Moments that feel like forever pass when they stand from their table. He offers his arm like a gentleman. And she slips her hand through his forearm.
They drift down the path to the beach, sand silvered by the moon. Waves hush against their feet. His shadow bleeds into hers. She tilts her head, listening, her pale lavender hair, a striking contrast from the golden color she had before I left, catches in the breeze.
The image of them close together knives straight through my gut. Those hips were mine—nails carving half-moons into my shoulders, her whispering against my ear like a prayer only I could answer. She used to ignite me like that. Now she’s giving polite smiles and taking a stroll with a man she’s just met.
But she isn’t mine. This is a dating show.
This is fucking torture.
“Breaking the wood isn’t going to help,” Bradley mutters, eyeing my white knuckles.
I don’t answer.
“It’s called a date, Bennett,” he adds, smirking. “Some of us let them breathe longer than twenty minutes.”
I lock my jaw. Breathe?
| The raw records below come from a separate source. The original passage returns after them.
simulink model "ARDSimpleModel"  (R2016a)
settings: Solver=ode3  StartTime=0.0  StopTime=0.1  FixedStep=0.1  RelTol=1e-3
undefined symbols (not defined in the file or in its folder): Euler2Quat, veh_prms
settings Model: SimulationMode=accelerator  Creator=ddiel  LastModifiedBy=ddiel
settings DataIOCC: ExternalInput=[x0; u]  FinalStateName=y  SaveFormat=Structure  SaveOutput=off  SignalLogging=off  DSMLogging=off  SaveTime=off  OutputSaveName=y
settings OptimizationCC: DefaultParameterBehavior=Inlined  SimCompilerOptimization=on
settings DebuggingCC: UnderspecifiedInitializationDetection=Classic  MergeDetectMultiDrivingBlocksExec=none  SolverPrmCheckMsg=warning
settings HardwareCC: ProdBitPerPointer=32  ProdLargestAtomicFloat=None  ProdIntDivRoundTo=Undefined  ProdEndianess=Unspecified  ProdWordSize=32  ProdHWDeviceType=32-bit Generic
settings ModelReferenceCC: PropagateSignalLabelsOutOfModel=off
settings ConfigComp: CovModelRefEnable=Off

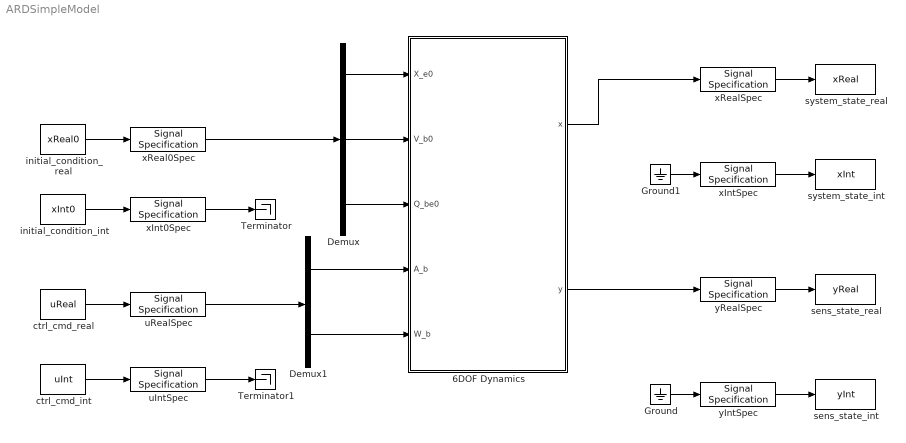
== system ARDSimpleModel ==
  6DOF Dynamics : Subsystem
  Demux : Demux  Outputs=[3,3,4]
  Demux1 : Demux  Outputs=[3,3]
  Ground : Ground
  Ground1 : Ground
  Terminator : Terminator
  Terminator1 : Terminator
  ctrl_cmd_int : FromWorkspace  VariableName=uInt  OutDataTypeStr=uint8  SampleTime=0.1  Interpolate=off  OutputAfterFinalValue=Holding final value
  ctrl_cmd_real : FromWorkspace  VariableName=uReal  OutDataTypeStr=double  SampleTime=0.1  Interpolate=off  OutputAfterFinalValue=Holding final value
  initial_condition_int : FromWorkspace  VariableName=xInt0  OutDataTypeStr=uint8  SampleTime=0.1  Interpolate=off  OutputAfterFinalValue=Holding final value
  initial_condition_real : FromWorkspace  VariableName=xReal0  OutDataTypeStr=double  SampleTime=0.1  Interpolate=off  OutputAfterFinalValue=Holding final value
  sens_state_int : ToWorkspace  VariableName=yInt  SampleTime=-1
      settings: MaxDataPoints=1
  sens_state_real : ToWorkspace  VariableName=yReal  SampleTime=-1
      settings: MaxDataPoints=1
  system_state_int : ToWorkspace  VariableName=xInt  SampleTime=-1
      settings: MaxDataPoints=1
  system_state_real : ToWorkspace  VariableName=xReal  SampleTime=-1
      settings: MaxDataPoints=1
  uIntSpec : SignalSpecification  OutDataTypeStr=uint8  Dimensions=1
  uRealSpec : SignalSpecification  OutDataTypeStr=double  Dimensions=6
  xInt0Spec : SignalSpecification  OutDataTypeStr=uint8  Dimensions=1
  xIntSpec : SignalSpecification  OutDataTypeStr=uint8  Dimensions=1
  xReal0Spec : SignalSpecification  OutDataTypeStr=double  Dimensions=10
  xRealSpec : SignalSpecification  OutDataTypeStr=double  Dimensions=10
  yIntSpec : SignalSpecification  OutDataTypeStr=uint8  Dimensions=1
  yRealSpec : SignalSpecification  OutDataTypeStr=double  Dimensions=15
  wires:
  Demux1/2 -> 6DOF Dynamics/5(W_b)
  Demux1/1 -> 6DOF Dynamics/4(A_b)
  Demux/1 -> 6DOF Dynamics/1(X_e0)
  Demux/3 -> 6DOF Dynamics/3(Q_be0)
  Demux/2 -> 6DOF Dynamics/2(V_b0)
  ctrl_cmd_real/1 -> uRealSpec/1
  initial_condition_real/1 -> xReal0Spec/1
  initial_condition_int/1 -> xInt0Spec/1
  ctrl_cmd_int/1 -> uIntSpec/1
  6DOF Dynamics/1(x) -> xRealSpec/1
  6DOF Dynamics/2(y) -> yRealSpec/1
  Ground/1 -> yIntSpec/1
  Ground1/1 -> xIntSpec/1
  xReal0Spec/1 -> Demux/1
  xInt0Spec/1 -> Terminator/1
  uRealSpec/1 -> Demux1/1
  uIntSpec/1 -> Terminator1/1
  xIntSpec/1 -> system_state_int/1
  xRealSpec/1 -> system_state_real/1
  yRealSpec/1 -> sens_state_real/1
  yIntSpec/1 -> sens_state_int/1

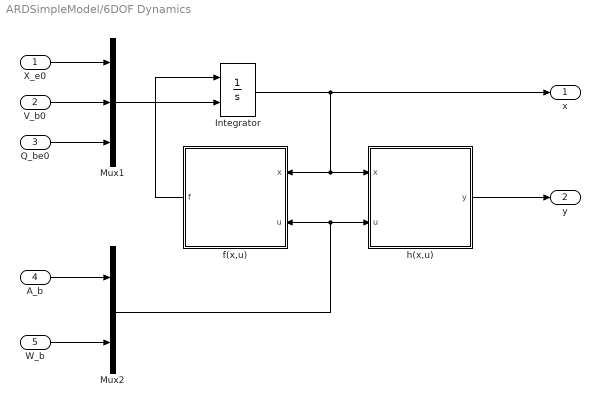
== system ARDSimpleModel/6DOF Dynamics ==
  X_e0 : Inport
  V_b0 : Inport  Port=2
  Q_be0 : Inport  Port=3
  A_b : Inport  Port=4
  W_b : Inport  Port=5
  Integrator : Integrator  InitialConditionSource=external  InitialCondition=[veh_prms.xo(1:6);Euler2Quat(veh_prms.xo(7:9))]  ContinuousStateAttributes='ARDSimpleModelIntegratorState'
  Mux1 : Mux  Inputs=[3, 3, 4]
  Mux2 : Mux  Inputs=[3, 3]
  f(x,u) : Subsystem
  h(x,u) : Subsystem
  x : Outport
  y : Outport  Port=2
  wires:
  A_b/1 -> Mux2/1
  W_b/1 -> Mux2/2
  Integrator/1 -> x/1, f(x,u)/1(x), h(x,u)/1(x)
  Mux2/1 -> f(x,u)/2(u), h(x,u)/2(u)
  h(x,u)/1(y) -> y/1
  f(x,u)/1(f) -> Integrator/1
  Mux1/1 -> Integrator/2
  X_e0/1 -> Mux1/1
  V_b0/1 -> Mux1/2
  Q_be0/1 -> Mux1/3

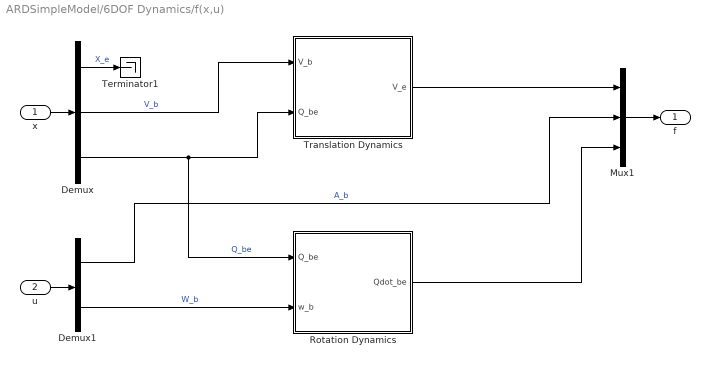
== system ARDSimpleModel/6DOF Dynamics/f(x,u) ==
  x : Inport
  u : Inport  Port=2
  Demux : Demux  Outputs=[3,3,4]
  Demux1 : Demux  Outputs=[3,3]
  Mux1 : Mux  Inputs=3
  Rotation Dynamics : Subsystem
  Terminator1 : Terminator
  Translation Dynamics : Subsystem
  f : Outport
  wires:
  Mux1/1 -> f/1
  Translation Dynamics/1(V_e) -> Mux1/1
  Rotation Dynamics/1(Qdot_be) -> Mux1/3
  x/1 -> Demux/1
  u/1 -> Demux1/1
  Demux/2 -> Translation Dynamics/1(V_b)  "V_b"
  Demux/3 -> Translation Dynamics/2(Q_be), Rotation Dynamics/1(Q_be)  "Q_be"
  Demux1/1 -> Mux1/2  "A_b"
  Demux1/2 -> Rotation Dynamics/2(w_b)  "W_b"
  Demux/1 -> Terminator1/1  "X_e"

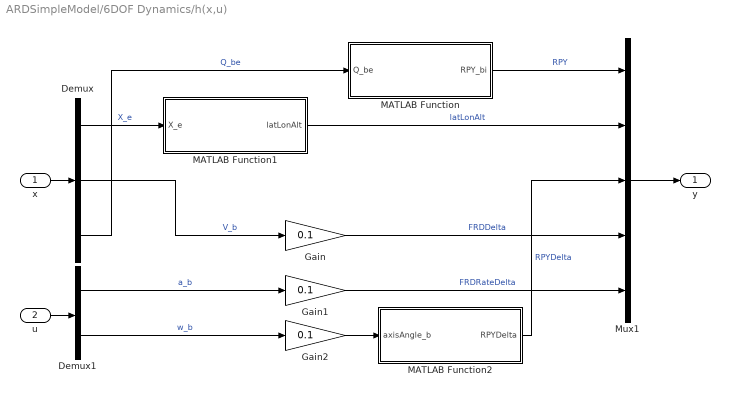
== system ARDSimpleModel/6DOF Dynamics/h(x,u) ==
  x : Inport
  u : Inport  Port=2
  Demux : Demux  Outputs=[3,3,4]
  Demux1 : Demux  Outputs=[3,3]
  Gain : Gain  Gain=0.1
  Gain1 : Gain  Gain=0.1
  Gain2 : Gain  Gain=0.1
  MATLAB Function : MATLAB Function  TreatAsAtomicUnit=on
  MATLAB Function1 : MATLAB Function  TreatAsAtomicUnit=on
  MATLAB Function2 : MATLAB Function  TreatAsAtomicUnit=on
  Mux1 : Mux  Inputs=5
  y : Outport
  wires:
  x/1 -> Demux/1
  Mux1/1 -> y/1
  Demux/3 -> MATLAB Function/1(Q_be)  "Q_be"
  u/1 -> Demux1/1
  MATLAB Function/1(RPY_bi) -> Mux1/1  "RPY"
  Demux/1 -> MATLAB Function1/1(X_e)  "X_e"
  MATLAB Function1/1(latLonAlt) -> Mux1/2  "latLonAlt"
  Demux/2 -> Gain/1  "V_b"
  Demux1/1 -> Gain1/1  "a_b"
  Demux1/2 -> Gain2/1  "w_b"
  Gain/1 -> Mux1/4  "FRDDelta"
  Gain1/1 -> Mux1/5  "FRDRateDelta"
  MATLAB Function2/1(RPYDelta) -> Mux1/3  "RPYDelta"
  Gain2/1 -> MATLAB Function2/1(axisAngle_b)

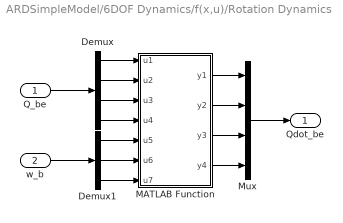
== system ARDSimpleModel/6DOF Dynamics/f(x,u)/Rotation Dynamics ==
  Q_be : Inport
  w_b : Inport  Port=2
  Demux : Demux
  Demux1 : Demux  Outputs=3
  MATLAB Function : MATLAB Function  TreatAsAtomicUnit=on
  Mux : Mux
  Qdot_be : Outport  PortDimensions=4
  wires:
  Demux/4 -> MATLAB Function/4(u4)
  Demux/1 -> MATLAB Function/1(u1)
  Demux/2 -> MATLAB Function/2(u2)
  Demux/3 -> MATLAB Function/3(u3)
  Q_be/1 -> Demux/1
  Demux1/1 -> MATLAB Function/5(u5)
  Demux1/2 -> MATLAB Function/6(u6)
  Demux1/3 -> MATLAB Function/7(u7)
  w_b/1 -> Demux1/1
  MATLAB Function/1(y1) -> Mux/1
  MATLAB Function/2(y2) -> Mux/2
  MATLAB Function/3(y3) -> Mux/3
  MATLAB Function/4(y4) -> Mux/4
  Mux/1 -> Qdot_be/1

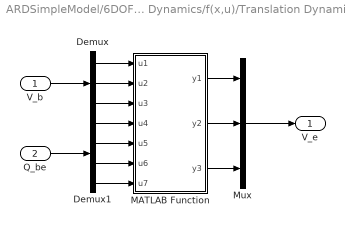
== system ARDSimpleModel/6DOF Dynamics/f(x,u)/Translation Dynamics ==
  V_b : Inport
  Q_be : Inport  Port=2
  Demux : Demux  Outputs=3
  Demux1 : Demux
  MATLAB Function : MATLAB Function  TreatAsAtomicUnit=on
  Mux : Mux  Inputs=3
  V_e : Outport  PortDimensions=3
  wires:
  V_b/1 -> Demux/1
  Demux/1 -> MATLAB Function/1(u1)
  Demux/2 -> MATLAB Function/2(u2)
  Demux/3 -> MATLAB Function/3(u3)
  Demux1/4 -> MATLAB Function/7(u7)
  Demux1/1 -> MATLAB Function/4(u4)
  Demux1/2 -> MATLAB Function/5(u5)
  Demux1/3 -> MATLAB Function/6(u6)
  Q_be/1 -> Demux1/1
  MATLAB Function/1(y1) -> Mux/1
  MATLAB Function/2(y2) -> Mux/2
  MATLAB Function/3(y3) -> Mux/3
  Mux/1 -> V_e/1

== matlab function ARDSimpleModel/6DOF Dynamics/f(x,u)/Translation Dynamics/MATLAB Function ==
  data: u1 input; y1 output; u2 input; u3 input; u4 input; u5 input; u6 input; u7 input; y2 output; y3 output
function [y1, y2, y3] = fcn(u1, u2, u3, u4, u5, u6, u7)
%#codegen
x = quatToMatrix(u4, u5, u6, u7)*[u1; u2; u3];
y1 = x(1);
y2 = x(2);
y3 = x(3);
end

function [qNorm0, qNorm1, qNorm2, qNorm3] = quatNorm(q0, q1, q2, q3)
qNorm0 = q0;
qNorm1 = q1;
qNorm2 = q2;
qNorm3 = q3;
n = sqrt(q0.*q0+q1.*q1+q2.*q2+q3.*q3);
small = find(n<eps);
qNorm0(small) = 1.0;
qNorm1(small) = 0.0;
qNorm2(small) = 0.0;
qNorm3(small) = 0.0;
n(small) = 1.0;
neg = find(qNorm0<0.0);
n(neg) = -n(neg);
qNorm0 = qNorm0./n;
qNorm1 = qNorm1./n;
qNorm2 = qNorm2./n;
qNorm3 = qNorm3./n;
end

function R = quatToMatrix(q0, q1, q2, q3)
[q0, q1, q2, q3] = quatNorm(q0, q1, q2, q3);
q00 = q0.*q0;
q11 = q1.*q1;
q22 = q2.*q2;
q33 = q3.*q3;
q01 = q0.*q1;
q12 = q1.*q2;
q23 = q2.*q3;
q03 = q0.*q3;
q02 = q0.*q2;
q13 = q1.*q3;
r00 = q00+q11-q22-q33;
r10 = 2.0*(q12+q03);
r20 = 2.0*(q13-q02);
r01 = 2.0*(q12-q03);
r11 = q00-q11+q22-q33;
r21 = 2.0*(q23+q01);
r02 = 2.0*(q13+q02);
r12 = 2.0*(q23-q01);
r22 = q00-q11-q22+q33;
R = [r00, r01, r02; r10, r11, r12; r20, r21, r22];
end

== matlab function ARDSimpleModel/6DOF Dynamics/f(x,u)/Rotation Dynamics/MATLAB Function ==
  data: u1 input; y1 output; u2 input; u3 input; u4 input; u5 input; u6 input; u7 input; y2 output; y3 output; y4 output
function [y1, y2, y3, y4] = fcn(u1, u2, u3, u4, u5, u6, u7)
%#codegen
wb = [u5; u6; u7];
ww = quatToMatrix(u1, u2, u3, u4)*wb;
x = 0.5*quatToHomo(u1, u2, u3, u4)*[0; ww];
y1 = x(1);
y2 = x(2);
y3 = x(3);
y4 = x(4);
end

function R = quatToMatrix(q0, q1, q2, q3)
[q0, q1, q2, q3] = quatNorm(q0, q1, q2, q3);
q00 = q0.*q0;
q11 = q1.*q1;
q22 = q2.*q2;
q33 = q3.*q3;
q01 = q0.*q1;
q12 = q1.*q2;
q23 = q2.*q3;
q03 = q0.*q3;
q02 = q0.*q2;
q13 = q1.*q3;
r00 = q00+q11-q22-q33;
r10 = 2.0*(q12+q03);
r20 = 2.0*(q13-q02);
r01 = 2.0*(q12-q03);
r11 = q00-q11+q22-q33;
r21 = 2.0*(q23+q01);
r02 = 2.0*(q13+q02);
r12 = 2.0*(q23-q01);
r22 = q00-q11-q22+q33;
R = [r00, r01, r02; r10, r11, r12; r20, r21, r22];
end

function [qNorm0, qNorm1, qNorm2, qNorm3] = quatNorm(q0, q1, q2, q3)
qNorm0 = q0;
qNorm1 = q1;
qNorm2 = q2;
qNorm3 = q3;
n = sqrt(q0.*q0+q1.*q1+q2.*q2+q3.*q3);
small = find(n<eps);
qNorm0(small) = 1.0;
qNorm1(small) = 0.0;
qNorm2(small) = 0.0;
qNorm3(small) = 0.0;
n(small) = 1.0;
neg = find(qNorm0<0.0);
n(neg) = -n(neg);
qNorm0 = qNorm0./n;
qNorm1 = qNorm1./n;
qNorm2 = qNorm2./n;
qNorm3 = qNorm3./n;
end

function h = quatToHomo(q0, q1, q2, q3)
[q0, q1, q2, q3] = quatNorm(q0, q1, q2, q3);
h = zeros(4, 4);
h(1, 1) = q0;
h(2, 1) = q1;
h(3, 1) = q2;
h(4, 1) = q3;
h(1, 2) = -q1;
h(2, 2) = q0;
h(3, 2) = q3;
h(4, 2) = -q2;
h(1, 3) = -q2;
h(2, 3) = -q3;
h(3, 3) = q0;
h(4, 3) = q1;
h(1, 4) = -q3;
h(2, 4) = q2;
h(3, 4) = -q1;
h(4, 4) = q0;
end

== matlab function ARDSimpleModel/6DOF Dynamics/h(x,u)/MATLAB Function ==
  data: Q_be input; RPY_bi output
function RPY_bi = fcn(Q_be)
%#codegen
betobi = quatToHomo(sqrt(2)/2, 0, sqrt(2)/2, 0);
Q_bi = betobi*[Q_be(1); Q_be(2); Q_be(3); Q_be(4)];
RPY_bi = quatToEuler(Q_bi)';
end   

function y = quatToEuler(q)
y = zeros(3, 1);
q0 = q(1);
q1 = q(2);
q2 = q(3);
q3 = q(4);
q00 = q0.*q0;
q11 = q1.*q1;
q22 = q2.*q2;
q33 = q3.*q3;
q01 = q0.*q1;
q12 = q1.*q2;
q23 = q2.*q3;
q03 = q0.*q3;
q02 = q0.*q2;
q13 = q1.*q3;
y(1) = atan2(2.0*(q23+q01), q00-q11-q22+q33);
y(2) = asin(min(max(-2.0*(q13-q02), -1.0), 1.0));
y(3) = atan2(2.0*(q12+q03), q00+q11-q22-q33);
end

function h = quatToHomo(q0, q1, q2, q3)
h = zeros(4, 4);
h(1, 1) = q0;
h(2, 1) = q1;
h(3, 1) = q2;
h(4, 1) = q3;
h(1, 2) = -q1;
h(2, 2) = q0;
h(3, 2) = q3;
h(4, 2) = -q2;
h(1, 3) = -q2;
h(2, 3) = -q3;
h(3, 3) = q0;
h(4, 3) = q1;
h(1, 4) = -q3;
h(2, 4) = q2;
h(3, 4) = -q1;
h(4, 4) = q0;
end

== matlab function ARDSimpleModel/6DOF Dynamics/h(x,u)/MATLAB Function1 ==
  data: X_e input; latLonAlt output
function latLonAlt = fcn(X_e)
%#codegen
x = X_e(1);
y = X_e(2);
z = X_e(3);
a = earth.WGS84.majorRadius;
finv = earth.WGS84.inverseFlattening;
f = 1.0/finv;
b = a-a/finv;
e2 = 2.0*f-f*f;
ep2 = f*(2.0-f)/((1.0-f)*(1.0-f));
r2 = x.*x+y.*y;
r = sqrt(r2);
E2 = a*a-b*b;
F = 54.0*b*b*z.*z;
G = r2+(1.0-e2)*z.*z-e2*E2;
c = (e2*e2*F.*r2)./(G.*G.*G);
s = power(1.0+c+sqrt(max(c.*c+2.0*c, 0.0)), 1.0/3.0);
P = F./(3.0*power(s+1./s+1, 2.0).*G.*G);
Q = sqrt(1.0+2.0*e2*e2*P);
ro = -(e2*P.*r)./(1.0+Q)+sqrt((a*a/2.0)*(1.0+1.0./Q)-((1.0-e2)*P.*z.*z)./(Q.*(1.0+Q))-P.*r2/2.0);
tmp = power(r-e2*ro, 2.0);
U = sqrt(tmp+z.*z);
V = sqrt(tmp+(1.0-e2)*z.*z);
zo = (b*b*z)./(a*V);
lon = atan2(y, x);
lat = atan2(z+ep2*zo, r);
alt = U.*(1.0-b*b./(a*V));
latLonAlt = [lat, lon, alt];
end

== matlab function ARDSimpleModel/6DOF Dynamics/h(x,u)/MATLAB Function2 ==
  data: axisAngle_b input; RPYDelta output
function RPYDelta = fcn(axisAngle_b)
%#codegen
aa = [axisAngle_b(1); axisAngle_b(2); axisAngle_b(3)];
aaNorm = sqrt(aa'*aa);
if(aaNorm<eps)
  quatDelta = [1; 0; 0; 0];
else
  halfAngle = aaNorm/2.0;
  quatDelta = [cos(halfAngle); aa/aaNorm*sin(halfAngle)];
end
RPYDelta = quatToEuler(quatDelta)';
end

function y = quatToEuler(q)
y = zeros(3, 1);
q0 = q(1);
q1 = q(2);
q2 = q(3);
q3 = q(4);
q00 = q0.*q0;
q11 = q1.*q1;
q22 = q2.*q2;
q33 = q3.*q3;
q01 = q0.*q1;
q12 = q1.*q2;
q23 = q2.*q3;
q03 = q0.*q3;
q02 = q0.*q2;
q13 = q1.*q3;
y(1) = atan2(2.0*(q23+q01), q00-q11-q22+q33);
y(2) = asin(min(max(-2.0*(q13-q02), -1.0), 1.0));
y(3) = atan2(2.0*(q12+q03), q00+q11-q22-q33);
end

She’s walking away with him. And every step is carving into me another reason I should break the rules, cross the sand, and remind her exactly who she still burns for.
Bradley continues, oblivious. “Would it be so terrible if they actually got along?”
I’m two seconds from snapping his neck if he doesn’t shut the fuck up.
Every inch Damon has touched is ground I claimed first. Every polite laugh she gave him tonight is an echo of sounds she made for me—raw, desperate, mine. The thought isn’t logical. It’s territorial. Primal. A low burn in my blood that no amount of discipline can smother.
“I know you care for her,” Bradley says, softer now, “but you’ve got to let her figure this out. You don’t strike me as the guy who’d steamroll her boundaries or her choices.”
He’s right. I’d cut my own hands off before I ever forced her. That doesn’t stop the rage coiling tighter as I watch them disappear into the moonlight.
Until today’s challenge, until Damon popped up like a fucking jack in the box, I believed I had time. Time to chip away at the wall she built against me after I left. Time to earn one civil conversation. Now it feels like we’re back at day one of filming.
He claps my shoulder. “So…what’s the plan, Bennett?”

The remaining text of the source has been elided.